What made MGNREGA different was its rights-based approach that was justiciable and unconditional for every rural household. It was far from a full right to employment or livelihood, with the maximum days of employment restricted to 100 for a household.

But it was universally acknowledged to have played an important role in improving rural infrastructure, raising agricultural productivity and reducing poverty.

The biggest evidence of its success emerged during the covid pandemic, when it became the lifeline not just for many poor rural households, but also millions of migrants who returned to villages.

What made MGNREGA so important for the rural economy were not just its tangible benefits, but its existence backed by law. Its universal and unconditional nature made it a lifeline for many.

When the government tried to scuttle the programme in West Bengal, the Supreme Court ruled that the programme cannot be stopped on mere technicalities. The availability of alternative work at government-specified wages meant that it had an indirect impact by tightening the labour market.

There is also sufficient evidence to suggest that MGNREGA helped push up rural wages and reduce poverty from 2004-05 to 2011-12. Over the years, MGNREGA has seen many of its provisions diluted, with restrictions imposed by state and central governments.

Wages under MGNREGA, which were higher than market levels initially, are now only two-thirds of market wages. But it continued to witness demand for work, with an overwhelmingly large number of workers being women and those from marginalized communities.

The new law dismantles this very foundation of MGNREGA. It takes away the rights-based approach where every worker can demand work within the maximum limit. The VB-G RAM G Act now requires funding allocations to be made by the Centre based on ‘objectives’ determined by it.

It also has a provision to suspend the guarantee during the peak agricultural season, aggregating 60 days. Most households do not seek MGNREGA work during India’s peak farming season when farm employment is available, but the fact that guaranteed work was available helped rural workers bargain for better wages.

MGNREGA helped raise wages, but more importantly, it acted as a cushion by providing back-up income during drought periods, policy shocks or other times of scarce agricultural work. With wages below market levels in 22 states, the guarantee had been diluted anyway.

Prohibiting its implementation during peak season will pressure wages lower at a time agricultural wages have been stagnant and real non-farm wages have been declining for almost a decade.

The promise of increasing the maximum number of guaranteed workdays to 125 from 100 is hardly any solace, given that in the last two decades, the average number of days utilized has been less than 50, with barely 2-3% of households availing the maximum allowance.

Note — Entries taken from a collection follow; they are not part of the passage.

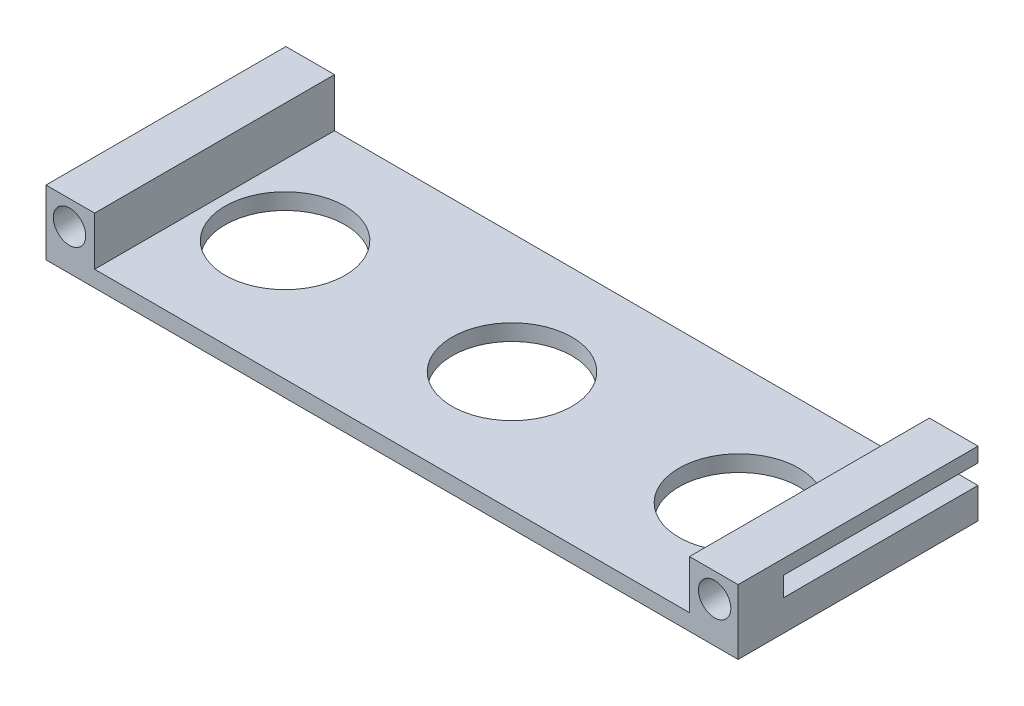
SolidWorks part; units mm, degrees
ref_plane "Front Plane" through (0, 0, 0) normal (0, 0, 1) x (1, 0, 0)
ref_plane "Top Plane" through (0, 0, 0) normal (0, 1, 0) x (1, 0, 0)
ref_plane "Right Plane" through (0, 0, 0) normal (1, 0, 0) x (0, 0, -1)
sketch "Sketch1" plane through (0, 0, 0) normal (0, 0, 1) x (1, 0, 0)
  line L0 (0, 68.3117) -> (0, -87.0424) construction
  line L1 (-42.7, 0) -> (42.7, 0)
  line L2 (42.7, 0) -> (42.7, 2)
  line L9 (42.7, 2) -> (-42.7, 2)
  line L16 (-42.7, 2) -> (-42.7, 0)
  dimension "D1" = 85.4
  dimension "D6" = 2
extrude "Boss-Extrude1" add sketch "Sketch1" along normal blind 29.6
sketch "Sketch2" plane through (0, 0, 0) normal (0, -1, 0) x (1, 0, 0)
  line L0 (-42.7, 14.8) -> (42.7, 14.8) construction
  line L1 (-42.7, 29.6) -> (-42.7, 0) construction
  line L2 (42.7, 29.6) -> (42.7, 0) construction
  line L3 (0, 0) -> (0, 29.6) construction
  line L4 (-42.7, 29.6) -> (42.7, 29.6) construction
  circle A0 centre (-28, 14.8) radius 7.4
  circle A1 centre (0, 14.8) radius 7.4
  circle A2 centre (28, 14.8) radius 7.4
  dimension "D1" = 14.8
  dimension "D2" = 28
extrude "Cut-Extrude1" cut sketch "Sketch2" against normal through all
sketch "Sketch4" plane through (0, 0, 0) normal (0, 0, -1) x (-1, 0, 0)
  line L0 (42.7, 2) -> (42.7, 3.8)
  line L1 (42.7, 3.8) -> (38.3, 3.8)
  line L2 (38.3, 3.8) -> (38.3, 6.2)
  line L3 (38.3, 6.2) -> (42.7, 6.2)
  line L4 (42.7, 6.2) -> (42.7, 8)
  line L5 (42.7, 8) -> (36.7, 8)
  line L6 (36.7, 8) -> (36.7, 2)
  line L7 (-42.7, 2) -> (42.7, 2) construction
  line L8 (0, 25.855) -> (0, -15.3286) construction
  line L9 (36.7, 2) -> (42.7, 2)
  line L10 (-36.7, 2) -> (-42.7, 2)
  line L11 (-36.7, 8) -> (-36.7, 2)
  line L12 (-42.7, 8) -> (-36.7, 8)
  line L13 (-42.7, 6.2) -> (-42.7, 8)
  line L14 (-38.3, 6.2) -> (-42.7, 6.2)
  line L15 (-38.3, 3.8) -> (-38.3, 6.2)
  line L16 (-42.7, 3.8) -> (-38.3, 3.8)
  line L17 (-42.7, 2) -> (-42.7, 3.8)
  line L18 (36.7, 5) -> (46.0116, 5) construction
  dimension "D1" = 6
  dimension "D2" = 6
  dimension "D3" = 2.4
  dimension "D4" = 4.4
extrude "Boss-Extrude2" add sketch "Sketch4" against normal blind 24
sketch "Sketch5" plane through (0, 0, 29.6) normal (0, 0, 1) x (1, 0, 0)
  line L0 (0, -28.6923) -> (0, 18.1076) construction
  line L10 (42.7, 2) -> (36.7, 2)
  line L11 (-42.7, 8) -> (-36.7, 8)
  line L12 (-42.7, 8) -> (-42.7, 2)
  line L13 (-42.7, 2) -> (-36.7, 2)
  line L14 (-36.7, 8) -> (-36.7, 2)
  line L15 (36.7, 8) -> (36.7, 2)
  line L16 (42.7, 8) -> (36.7, 8)
  line L17 (42.7, 8) -> (42.7, 2)
  point P4 (0, -5.2923)
extrude "Boss-Extrude3" add sketch "Sketch5" against normal up to surface (5.6 mm away) up to face at (-40.1, 5, 24)
sketch "Sketch6" plane through (0, 0, 29.6) normal (0, 0, 1) x (1, 0, 0)
  line L0 (0, 21.7532) -> (0, -12.1597) construction
  line L1 (-42.7, 8) -> (-42.7, 0) construction
  line L3 (-36.7, 8) -> (-42.7, 8) construction
  circle A0 centre (-39.8, 5) radius 2
  circle A1 centre (39.8, 5) radius 2
  dimension "D1" = 4
  dimension "D2" = 2.9
  dimension "D3" = 3
extrude "Cut-Extrude2" cut sketch "Sketch6" against normal blind 3.2

The VB-G RAM G Act also changes the financial allocation for the programme. It was mostly centrally-funded, with the central government bearing 90% of its cost. Now, the Centre will bear only 60% of the cost for large states, with exceptions for some small states and Union territories.

Unlike MGNREGA, which was meant to provide employment and income opportunities for households in poorer states, the new law will penalize the states with weak fiscal capacity.

In a way, it dismantles the entire edifice of the law, which was designed to provide social security through guaranteed employment everywhere, including India’s poorest districts. Inequality will rise across states, hurting those with low productivity and per capita income.

MGNREGA was the only social protection available to a majority of the poor, with almost one-third of rural households participating in the programme. Diluting this basic minimum will exacerbate rural distress and slow the revival of India’s rural economy.

The author is associate professor at Jawaharlal Nehru University and visiting fellow at the Centre de Sciences Humaines, New Delhi.